Did you get all the expected responses? Good!

After verifying with the curl command, use APIM’s “Test” to verify that all models are returning responses from the origin group as expected (see previous entry for details). For example, requests for “gpt-35-turbo” should receive responses from all AOAI resources, “text-embedding-ada-002” from Canada, Europe and France, and “gpt-35-turbo-16k” from Australia, Japan and US2.

Make sure retries are working

Finally, let’s confirm that the retry on error used in the previous entry works well in combination with Front Door. Using this entry as a reference, select the “my-endpoint-australia” AOAI resource from the “gpt-35-turbo-16k” origin group and delete the “Cognitive Services OpenAI User” role from the APIM’s Managed Identity. This mimics that there is some trouble with the resource in question.

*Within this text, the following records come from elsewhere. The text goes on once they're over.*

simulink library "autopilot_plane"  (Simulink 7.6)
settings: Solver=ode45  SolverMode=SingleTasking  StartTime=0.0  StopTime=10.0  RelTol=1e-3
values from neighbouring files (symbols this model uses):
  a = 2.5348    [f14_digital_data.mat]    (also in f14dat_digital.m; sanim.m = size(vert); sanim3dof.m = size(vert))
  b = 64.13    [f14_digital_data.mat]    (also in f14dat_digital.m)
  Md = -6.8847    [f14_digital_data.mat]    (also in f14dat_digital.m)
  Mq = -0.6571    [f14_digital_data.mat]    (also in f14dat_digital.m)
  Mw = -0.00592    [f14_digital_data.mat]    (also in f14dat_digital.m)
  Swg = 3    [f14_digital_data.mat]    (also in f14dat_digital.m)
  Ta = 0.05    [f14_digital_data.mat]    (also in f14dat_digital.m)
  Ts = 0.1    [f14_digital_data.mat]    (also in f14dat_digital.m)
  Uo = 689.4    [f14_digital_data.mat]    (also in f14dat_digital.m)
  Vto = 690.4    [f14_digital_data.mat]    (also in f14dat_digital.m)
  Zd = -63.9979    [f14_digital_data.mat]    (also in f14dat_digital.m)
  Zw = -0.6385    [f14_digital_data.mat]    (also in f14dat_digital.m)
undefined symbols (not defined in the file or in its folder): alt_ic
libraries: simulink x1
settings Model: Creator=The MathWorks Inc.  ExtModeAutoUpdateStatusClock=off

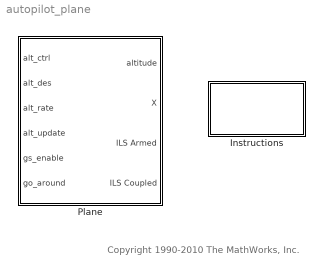
== system autopilot_plane ==
  note: Copyright 1990-2010 The MathWorks, Inc.
  Instructions : Subsystem
      mask Display: disp('Flight\nInstructions\n(double-click)')
  Plane : Subsystem

== system autopilot_plane/Instructions ==
  note: The autopilot is preconfigured for landing.
      |
      | To simulate a landing, set the initial altitude to 1200 by double clicking
      | the setup landing block.  Make sure that the ILS signal is ON and the reset
      | signal is OFF.  The controller will automatically enter glide-slope control when the
      | plane initially crosses the target glide-slope line.  The simulation stop time is set
      | to 150 seconds.
      |
      | To simulate a set point change you should first adjust the desired altitude
      | and vertical speed and then set the update signal to ON to force the new set
      | point into the controller.  The control logic will automatically transition to the
      | altitude climb mode and back to the altitude hold mode as needed.  Change
      | the simulation stop time to 'inf' for an indefinite flight time.

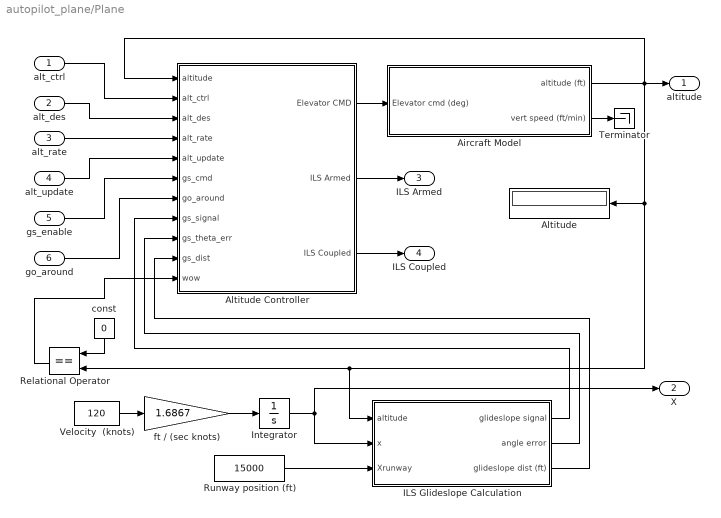
== system autopilot_plane/Plane ==
  alt_ctrl : Inport
  alt_des : Inport  Port=2
  alt_rate : Inport  Port=3
  alt_update : Inport  Port=4
  gs_enable : Inport  Port=5
  go_around : Inport  Port=6
  Aircraft Model : Subsystem
  Altitude : Display
  Altitude Controller : Subsystem
  ILS Glideslope Calculation : Subsystem
  Integrator : Integrator
  Relational Operator : RelationalOperator  Operator===  InputSameDT=on
  Runway position (ft) : Constant  Value=15000
  Terminator : Terminator
  Velocity  (knots) : Constant  Value=120
  const : Constant  Value=0
  ft / (sec knots) : Gain  Gain=1.6867  SaturateOnIntegerOverflow=on  OutDataTypeStr=Inherit: Same as input  ParamDataTypeStr=Inherit: Same as input
  altitude : Outport
  X : Outport  Port=2
  ILS Armed : Outport  Port=3
  ILS Coupled : Outport  Port=4
  wires:
  Altitude Controller/1(Elevator CMD) -> Aircraft Model/1(Elevator cmd (deg))
  Aircraft Model/1(altitude (ft)) -> altitude/1, Altitude Controller/1(altitude), Altitude/1, ILS Glideslope Calculation/1(altitude), Relational Operator/2
  ft / (sec knots)/1 -> Integrator/1
  Velocity  (knots)/1 -> ft / (sec knots)/1
  Integrator/1 -> ILS Glideslope Calculation/2(x), X/1
  Runway position (ft)/1 -> ILS Glideslope Calculation/3(Xrunway)
  ILS Glideslope Calculation/2(angle error) -> Altitude Controller/9(gs_theta_err)
  ILS Glideslope Calculation/3(glideslope dist (ft)) -> Altitude Controller/10(gs_dist)
  ILS Glideslope Calculation/1(glideslope signal) -> Altitude Controller/8(gs_signal)
  Aircraft Model/2(vert speed (ft/min)) -> Terminator/1
  alt_ctrl/1 -> Altitude Controller/2(alt_ctrl)
  alt_des/1 -> Altitude Controller/3(alt_des)
  alt_rate/1 -> Altitude Controller/4(alt_rate)
  alt_update/1 -> Altitude Controller/5(alt_update)
  gs_enable/1 -> Altitude Controller/6(gs_cmd)
  go_around/1 -> Altitude Controller/7(go_around)
  Altitude Controller/2(ILS Armed) -> ILS Armed/1
  Altitude Controller/3(ILS Coupled) -> ILS Coupled/1
  Relational Operator/1 -> Altitude Controller/11(wow)
  const/1 -> Relational Operator/1

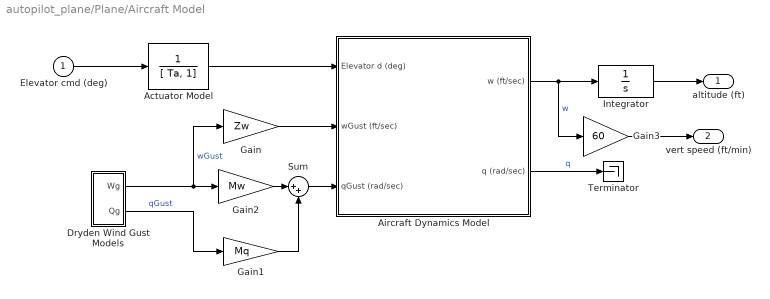
== system autopilot_plane/Plane/Aircraft Model ==
  Elevator cmd (deg) : Inport
  Actuator Model : TransferFcn  Denominator=[ Ta, 1]
  Aircraft Dynamics Model : Subsystem
  Dryden Wind Gust Models : Subsystem
  Gain : Gain  Gain=Zw  SaturateOnIntegerOverflow=on  OutDataTypeStr=Inherit: Same as input  ParamDataTypeStr=Inherit: Same as input
  Gain1 : Gain  Gain=Mq  SaturateOnIntegerOverflow=on  OutDataTypeStr=Inherit: Same as input  ParamDataTypeStr=Inherit: Same as input
  Gain2 : Gain  Gain=Mw  SaturateOnIntegerOverflow=on  OutDataTypeStr=Inherit: Same as input  ParamDataTypeStr=Inherit: Same as input
  Gain3 : Gain  Gain=60  SaturateOnIntegerOverflow=on  OutDataTypeStr=Inherit: Same as input  ParamDataTypeStr=Inherit: Same as input
  Integrator : Integrator  InitialCondition=alt_ic  LimitOutput=on  LowerSaturationLimit=0
  Sum : Sum  Inputs=|++  SaturateOnIntegerOverflow=on  InputSameDT=on  OutDataTypeStr=Inherit: Same as first input
  Terminator : Terminator
  altitude (ft) : Outport
  vert speed (ft/min) : Outport  Port=2
  wires:
  Gain3/1 -> vert speed (ft/min)/1
  Integrator/1 -> altitude (ft)/1
  Aircraft Dynamics Model/2(q (rad/sec)) -> Terminator/1  "q"
  Elevator cmd (deg)/1 -> Actuator Model/1
  Aircraft Dynamics Model/1(w (ft/sec)) -> Gain3/1, Integrator/1  "w"
  Actuator Model/1 -> Aircraft Dynamics Model/1(Elevator d (deg))
  Gain1/1 -> Sum/2
  Dryden Wind Gust Models/1(Wg) -> Gain2/1, Gain/1  "wGust"
  Dryden Wind Gust Models/2(Qg) -> Gain1/1  "qGust"
  Gain2/1 -> Sum/1
  Gain/1 -> Aircraft Dynamics Model/2(wGust (ft/sec))
  Sum/1 -> Aircraft Dynamics Model/3(qGust (rad/sec))

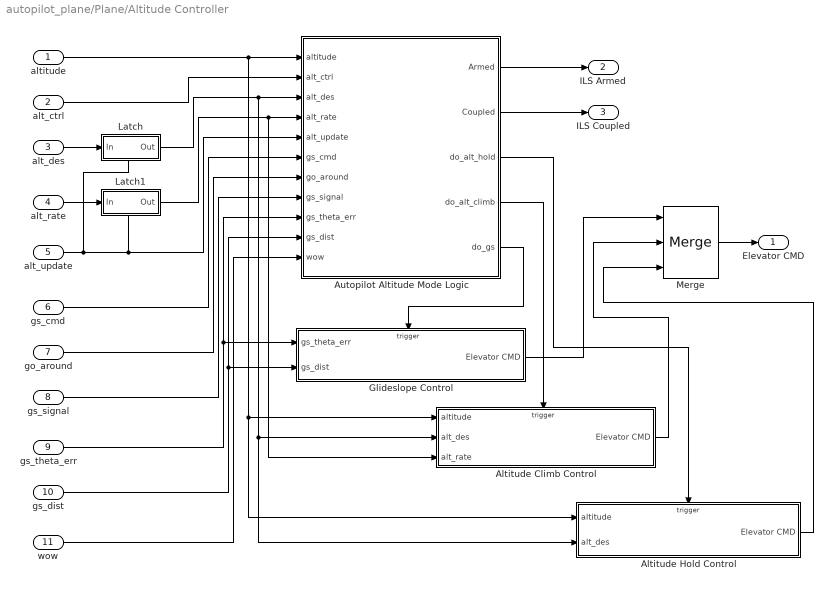
== system autopilot_plane/Plane/Altitude Controller ==
  altitude : Inport  SampleTime=Ts
  alt_ctrl : Inport  Port=2  SampleTime=Ts
  alt_des : Inport  Port=3  SampleTime=Ts
  alt_rate : Inport  Port=4  SampleTime=Ts
  alt_update : Inport  Port=5  SampleTime=Ts
  gs_cmd : Inport  Port=6  SampleTime=Ts
  go_around : Inport  Port=7  SampleTime=Ts
  gs_signal : Inport  Port=8  SampleTime=Ts
  gs_theta_err : Inport  Port=9  SampleTime=Ts
  gs_dist : Inport  Port=10  SampleTime=Ts
  wow : Inport  Port=11  SampleTime=Ts
  Altitude Climb Control : Subsystem  TreatAsAtomicUnit=on
  Altitude Hold Control : Subsystem  TreatAsAtomicUnit=on
  Autopilot Altitude Mode Logic : Stateflow chart  TreatAsAtomicUnit=on
  Glideslope Control : Subsystem  TreatAsAtomicUnit=on
  Latch : Subsystem  TreatAsAtomicUnit=on
      settings: RTWSystemCode=Inline
  Latch1 : Subsystem  TreatAsAtomicUnit=on
      settings: RTWSystemCode=Inline
  Merge : Merge  Inputs=3
  Elevator CMD : Outport
  ILS Armed : Outport  Port=2
  ILS Coupled : Outport  Port=3
  wires:
  Autopilot Altitude Mode Logic/5(do_gs) -> Glideslope Control/Trigger
  Autopilot Altitude Mode Logic/4(do_alt_climb) -> Altitude Climb Control/Trigger
  Autopilot Altitude Mode Logic/3(do_alt_hold) -> Altitude Hold Control/Trigger
  Glideslope Control/1(Elevator CMD) -> Merge/1
  Altitude Climb Control/1(Elevator CMD) -> Merge/2
  Altitude Hold Control/1(Elevator CMD) -> Merge/3
  Merge/1 -> Elevator CMD/1
  altitude/1 -> Altitude Hold Control/1(altitude), Altitude Climb Control/1(altitude), Autopilot Altitude Mode Logic/1(altitude)
  alt_ctrl/1 -> Autopilot Altitude Mode Logic/2(alt_ctrl)
  alt_update/1 -> Latch1/Enable, Autopilot Altitude Mode Logic/5(alt_update), Latch/Enable
  gs_cmd/1 -> Autopilot Altitude Mode Logic/6(gs_cmd)
  go_around/1 -> Autopilot Altitude Mode Logic/7(go_around)
  gs_signal/1 -> Autopilot Altitude Mode Logic/8(gs_signal)
  gs_theta_err/1 -> Glideslope Control/1(gs_theta_err), Autopilot Altitude Mode Logic/9(gs_theta_err)
  gs_dist/1 -> Glideslope Control/2(gs_dist), Autopilot Altitude Mode Logic/10(gs_dist)
  Autopilot Altitude Mode Logic/1(Armed) -> ILS Armed/1
  alt_des/1 -> Latch/1(In)
  Latch/1(Out) -> Altitude Hold Control/2(alt_des), Altitude Climb Control/2(alt_des), Autopilot Altitude Mode Logic/3(alt_des)
  alt_rate/1 -> Latch1/1(In)
  Latch1/1(Out) -> Altitude Climb Control/3(alt_rate), Autopilot Altitude Mode Logic/4(alt_rate)
  wow/1 -> Autopilot Altitude Mode Logic/11(wow)
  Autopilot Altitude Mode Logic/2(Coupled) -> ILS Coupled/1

Several requests to “gpt-35-turbo-16k” always returned HTTP 200 on the surface, but a closer look at Trace showed that HTTP 401 errors occurred when “my-endpoint-australia” was selected as the backend.

Upon receiving an error, APIM’s <retry> policy automatically retries up to 5 times.

When another resource was selected from the origin group, the request succeeded and HTTP 200 was returned as the response.

The current <retry> policy is set to unconditionally retry over HTTP 300. This allows for automatic retries with backend errors and even Rate Limit.

Conclusion

In this entry, we understood an intuitive way to perform back-end load balancing by using a load balancer called Azure Front Door. We also confirmed that this method can easily distribute requests to different origin groups depending on the URL paths. Finally, we confirmed that this approach using Front Door can also be combined with APIM’s <retry> policy to ensure redundancy.

I hope this article inspires ideas for you to configure your AOAI resources using the various services in Azure. Enjoy!